Weekly jobless claims in the US have fallen to an eight-month low, indicating a tight labor market despite a slowdown in job growth.
The number of job layoffs in the U.S. remains near a record low despite rising interest rates and high inflation.
U.S. jobless claims rose slightly after reaching an eight-month low, indicating a strong labor market that continues to defy the Federal Reserve's attempts to cool it down.
A rising number of Americans are quitting their jobs even as their savings deplete and personal debt rises, with job openings unexpectedly growing in August, signaling a strong labor market but also reflecting the growing financial stress affecting Americans regardless of income level.

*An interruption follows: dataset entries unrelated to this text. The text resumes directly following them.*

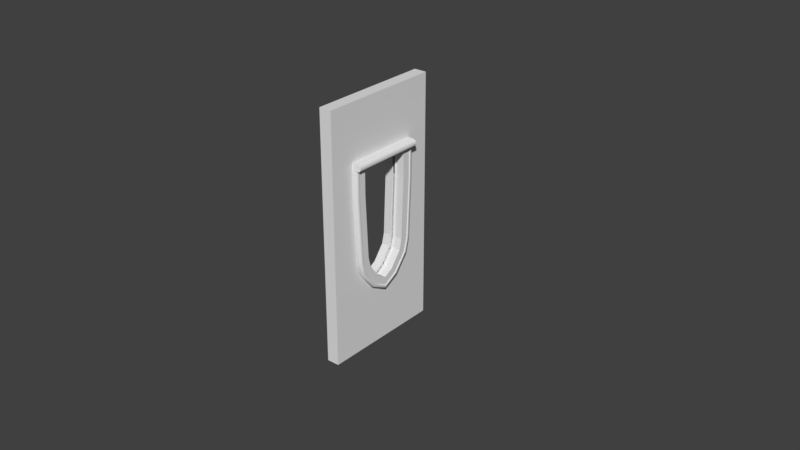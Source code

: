 # Source: Church_Small_Window_2x4x0.2.blend  (saved by Blender 2.79.0; exported with 4.5.12 LTS)
import bpy
from mathutils import Matrix  # noqa: F401  (used for matrix-valued properties, if any)

bpy.ops.wm.read_factory_settings(use_empty=True)
scene = bpy.context.scene
scene.name = 'Scene'

# ---- collections
col_collection_1 = bpy.data.collections.new('Collection 1'); scene.collection.children.link(col_collection_1)
col_collection_1.hide_render = True
col_collection_1.hide_viewport = True
col_collection_2 = bpy.data.collections.new('Collection 2'); scene.collection.children.link(col_collection_2)

# ---- world
world_world = bpy.data.worlds.new('World'); scene.world = world_world
world_world.color = (0.05088, 0.05088, 0.05088)
world_world.use_sun_shadow = False
world_world.sun_shadow_jitter_overblur = 0.0
world_world.cycles.sampling_method = 'MANUAL'

# ---- meshes
me_cube_000 = bpy.data.meshes.new('Cube.000')
me_cube_000.from_pydata([(4.0, -1.0, -7.451e-09), (4.0, 1.0, -7.451e-09), (2.0, -1.0, -7.451e-09), (2.0, 1.0, -7.451e-09), (-4.657e-10, 1.0, -7.451e-09), (-4.657e-10, -1.0, -7.451e-09), (1.0, -1.0, -7.451e-09), (3.0, 1.0, -7.451e-09), (4.0, 0.0, -7.451e-09), (-4.657e-10, 0.0, -7.451e-09), (1.0, 1.0, -7.451e-09), (3.0, -1.0, -7.451e-09), (1.5, 1.0, -7.451e-09), (1.5, -1.0, -7.451e-09), (3.5, 1.0, -7.451e-09), (-4.657e-10, -0.5, -7.451e-09), (2.5, 1.0, -7.451e-09), (0.5, -1.0, -7.451e-09), (4.0, 0.5, -7.451e-09), (-4.657e-10, 0.5, -7.451e-09), (0.5, 1.0, -7.451e-09), (4.0, -0.5, -7.451e-09), (3.5, -1.0, -7.451e-09), (2.5, -1.0, -7.451e-09), (3.0, 0.0, -7.451e-09), (2.639, -0.4, -7.451e-09), (2.639, 0.4, -7.451e-09), (1.0, -0.5, -7.451e-09), (1.0, 0.5, -7.451e-09), (2.898, 0.2, -7.451e-09), (2.898, -0.2, -7.451e-09), (1.429, 0.5, -7.451e-09), (1.429, -0.5, -7.451e-09), (2.45, 0.45, -7.451e-09), (2.45, -0.45, -7.451e-09), (1.5, 1.0, -0.2), (1.0, 1.0, -0.2), (3.5, 1.0, -0.2), (3.0, 1.0, -0.2), (-4.657e-10, -0.5, -0.2), (-4.657e-10, 0.0, -0.2), (2.5, 1.0, -0.2), (2.0, 1.0, -0.2), (0.5, -1.0, -0.2), (1.0, -1.0, -0.2), (4.0, 0.5, -0.2), (4.0, 1.0, -0.2), (-4.657e-10, 0.5, -0.2), (-4.657e-10, 1.0, -0.2), (0.5, 1.0, -0.2), (4.0, -0.5, -0.2), (4.0, 0.0, -0.2), (3.5, -1.0, -0.2), (4.0, -1.0, -0.2), (2.5, -1.0, -0.2), (3.0, -1.0, -0.2), (1.5, -1.0, -0.2), (-4.657e-10, -1.0, -0.2), (1.0, 0.5, -0.2), (1.0, 0.0, -0.2), (1.0, -0.5, -0.2), (1.429, 0.5, -0.2), (1.429, -0.5, -0.2), (2.898, 0.2, -0.2), (2.639, 0.4, -0.2), (2.898, -0.2, -0.2), (2.639, -0.4, -0.2), (3.0, 0.0, -0.2), (2.45, -0.45, -0.2), (2.45, 0.45, -0.2)], [], [(23, 13, 56, 54), (13, 23, 2), (11, 23, 54, 55), (27, 6, 13, 23, 34, 32), (10, 27, 60, 36), (0, 22, 52, 53), (40, 47, 48, 49, 36, 60, 59, 58, 44, 43, 57, 39), (58, 36, 35, 42, 41, 38, 37, 46, 45, 51, 67, 63, 64, 69, 61), (68, 66, 65, 67, 51, 50, 53, 52, 55, 54), (44, 60, 62, 56), (62, 68, 54, 56), (12, 10, 28, 31, 33, 26, 29, 24, 8, 18, 1, 14, 7, 16, 3), (12, 3, 42, 35), (15, 5, 17, 6, 27, 10, 20, 4, 19, 9), (31, 28, 58, 61), (13, 6, 44, 56), (10, 12, 35, 36), (27, 32, 62, 60), (14, 1, 46, 37), (29, 26, 64, 63), (5, 15, 39, 57), (6, 27, 60, 44), (7, 14, 37, 38), (25, 30, 65, 66), (16, 7, 38, 41), (15, 9, 40, 39), (24, 29, 63, 67), (17, 5, 57, 43), (3, 16, 41, 42), (30, 24, 67, 65), (18, 8, 51, 45), (6, 17, 43, 44), (32, 34, 68, 62), (9, 19, 47, 40), (1, 18, 45, 46), (33, 31, 61, 69), (20, 10, 36, 49), (19, 4, 48, 47), (26, 33, 69, 64), (21, 0, 53, 50), (4, 20, 49, 48), (34, 25, 66, 68), (22, 11, 55, 52), (8, 21, 50, 51), (21, 8, 24, 30, 25, 34, 23, 11, 22, 0)])
me_cube_000.use_remesh_preserve_volume = False
me_cube_000.use_remesh_preserve_attributes = False
me_cube_000.use_mirror_vertex_groups = False
me_cube_000.update()
me_cube_001 = bpy.data.meshes.new('Cube.001')
me_cube_001.from_pydata([(4.0, -1.0, -7.451e-09), (4.0, 1.0, -7.451e-09), (2.0, -1.0, -7.451e-09), (2.0, 1.0, -7.451e-09), (-4.657e-10, 1.0, -7.451e-09), (-4.657e-10, -1.0, -7.451e-09), (1.0, -1.0, -7.451e-09), (3.0, 1.0, -7.451e-09), (4.0, 0.0, -7.451e-09), (-4.657e-10, 0.0, -7.451e-09), (1.0, 1.0, -7.451e-09), (3.0, -1.0, -7.451e-09), (1.5, 1.0, -7.451e-09), (1.5, -1.0, -7.451e-09), (3.5, 1.0, -7.451e-09), (-4.657e-10, -0.5, -7.451e-09), (2.5, 1.0, -7.451e-09), (0.5, -1.0, -7.451e-09), (4.0, 0.5, -7.451e-09), (-4.657e-10, 0.5, -7.451e-09), (0.5, 1.0, -7.451e-09), (4.0, -0.5, -7.451e-09), (3.5, -1.0, -7.451e-09), (2.5, -1.0, -7.451e-09), (3.0, 0.0, -7.451e-09), (2.639, -0.4, -7.451e-09), (2.639, 0.4, -7.451e-09), (1.0, -0.5, -7.451e-09), (1.0, 0.5, -7.451e-09), (2.898, 0.2, -7.451e-09), (2.898, -0.2, -7.451e-09), (1.429, 0.5, -7.451e-09), (1.429, -0.5, -7.451e-09), (2.45, 0.45, -7.451e-09), (2.45, -0.45, -7.451e-09), (1.5, 1.0, -0.2), (1.0, 1.0, -0.2), (3.5, 1.0, -0.2), (3.0, 1.0, -0.2), (-4.657e-10, -0.5, -0.2), (-4.657e-10, 0.0, -0.2), (2.5, 1.0, -0.2), (2.0, 1.0, -0.2), (0.5, -1.0, -0.2), (1.0, -1.0, -0.2), (4.0, 0.5, -0.2), (4.0, 1.0, -0.2), (-4.657e-10, 0.5, -0.2), (-4.657e-10, 1.0, -0.2), (0.5, 1.0, -0.2), (4.0, -0.5, -0.2), (4.0, 0.0, -0.2), (3.5, -1.0, -0.2), (4.0, -1.0, -0.2), (2.5, -1.0, -0.2), (3.0, -1.0, -0.2), (1.5, -1.0, -0.2), (-4.657e-10, -1.0, -0.2), (1.0, 0.5, -0.2), (1.0, 0.0, -0.2), (1.0, -0.5, -0.2), (1.429, 0.5, -0.2), (1.429, -0.5, -0.2), (2.898, 0.2, -0.2), (2.639, 0.4, -0.2), (2.898, -0.2, -0.2), (2.639, -0.4, -0.2), (3.0, 0.0, -0.2), (2.45, -0.45, -0.2), (2.45, 0.45, -0.2)], [], [(23, 13, 56, 54), (13, 23, 2), (11, 23, 54, 55), (27, 6, 13, 23, 34, 32), (10, 27, 60, 36), (0, 22, 52, 53), (40, 47, 48, 49, 36, 60, 59, 58, 44, 43, 57, 39), (58, 36, 35, 42, 41, 38, 37, 46, 45, 51, 67, 63, 64, 69, 61), (68, 66, 65, 67, 51, 50, 53, 52, 55, 54), (44, 60, 62, 56), (62, 68, 54, 56), (12, 10, 28, 31, 33, 26, 29, 24, 8, 18, 1, 14, 7, 16, 3), (12, 3, 42, 35), (15, 5, 17, 6, 27, 10, 20, 4, 19, 9), (31, 28, 58, 61), (13, 6, 44, 56), (10, 12, 35, 36), (27, 32, 62, 60), (14, 1, 46, 37), (29, 26, 64, 63), (5, 15, 39, 57), (6, 27, 60, 44), (7, 14, 37, 38), (25, 30, 65, 66), (16, 7, 38, 41), (15, 9, 40, 39), (24, 29, 63, 67), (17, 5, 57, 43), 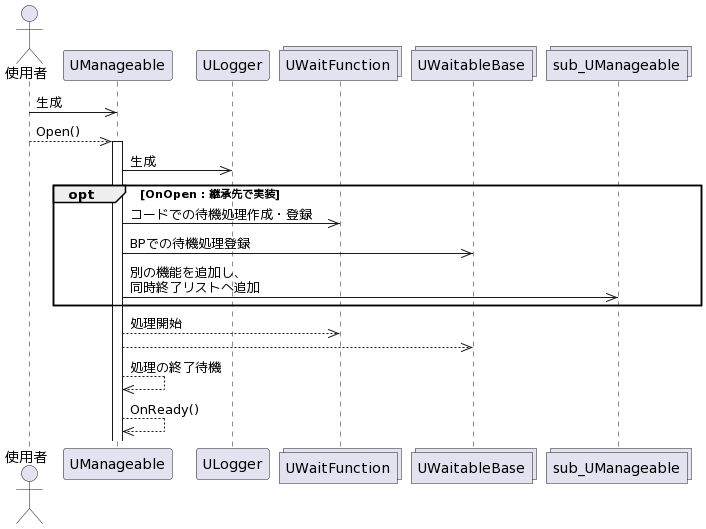

The diagram above was rendered by PlantUML. Its source (embedded in the PNG):
@startuml
actor 使用者 as user
participant UManageable as man
participant ULogger as log
collections UWaitFunction as wf
collections UWaitableBase as wb
collections sub_UManageable as sm

user->>man:生成
user-->>man:Open()
activate man
    man->>log:生成
    opt OnOpen : 継承先で実装
        man->>wf:コードでの待機処理作成・登録
        man->>wb:BPでの待機処理登録
        man->>sm:別の機能を追加し、\n同時終了リストへ追加
    end
    man-->>wf:処理開始
    man-->>wb:
    man-->>man:処理の終了待機
    man-->>man:OnReady()
@enduml

Despite a strong job market, workers' confidence has dropped to its lowest level since 2016, attributed to financial stress and the comparison to the scorching-hot job market in 2021 and 2022.
The number of Americans filing new claims for unemployment benefits rose moderately last week, while layoffs declined in September, pointing to still-tight labor market conditions at the end of the third quarter. Additionally, the trade deficit shrank to its smallest in nearly three years in August, with exports of capital goods reaching a record high.
Applications for US unemployment benefits remained historically low last week, with initial jobless claims ticking up slightly to 207,000, indicating ongoing strength in the labor market.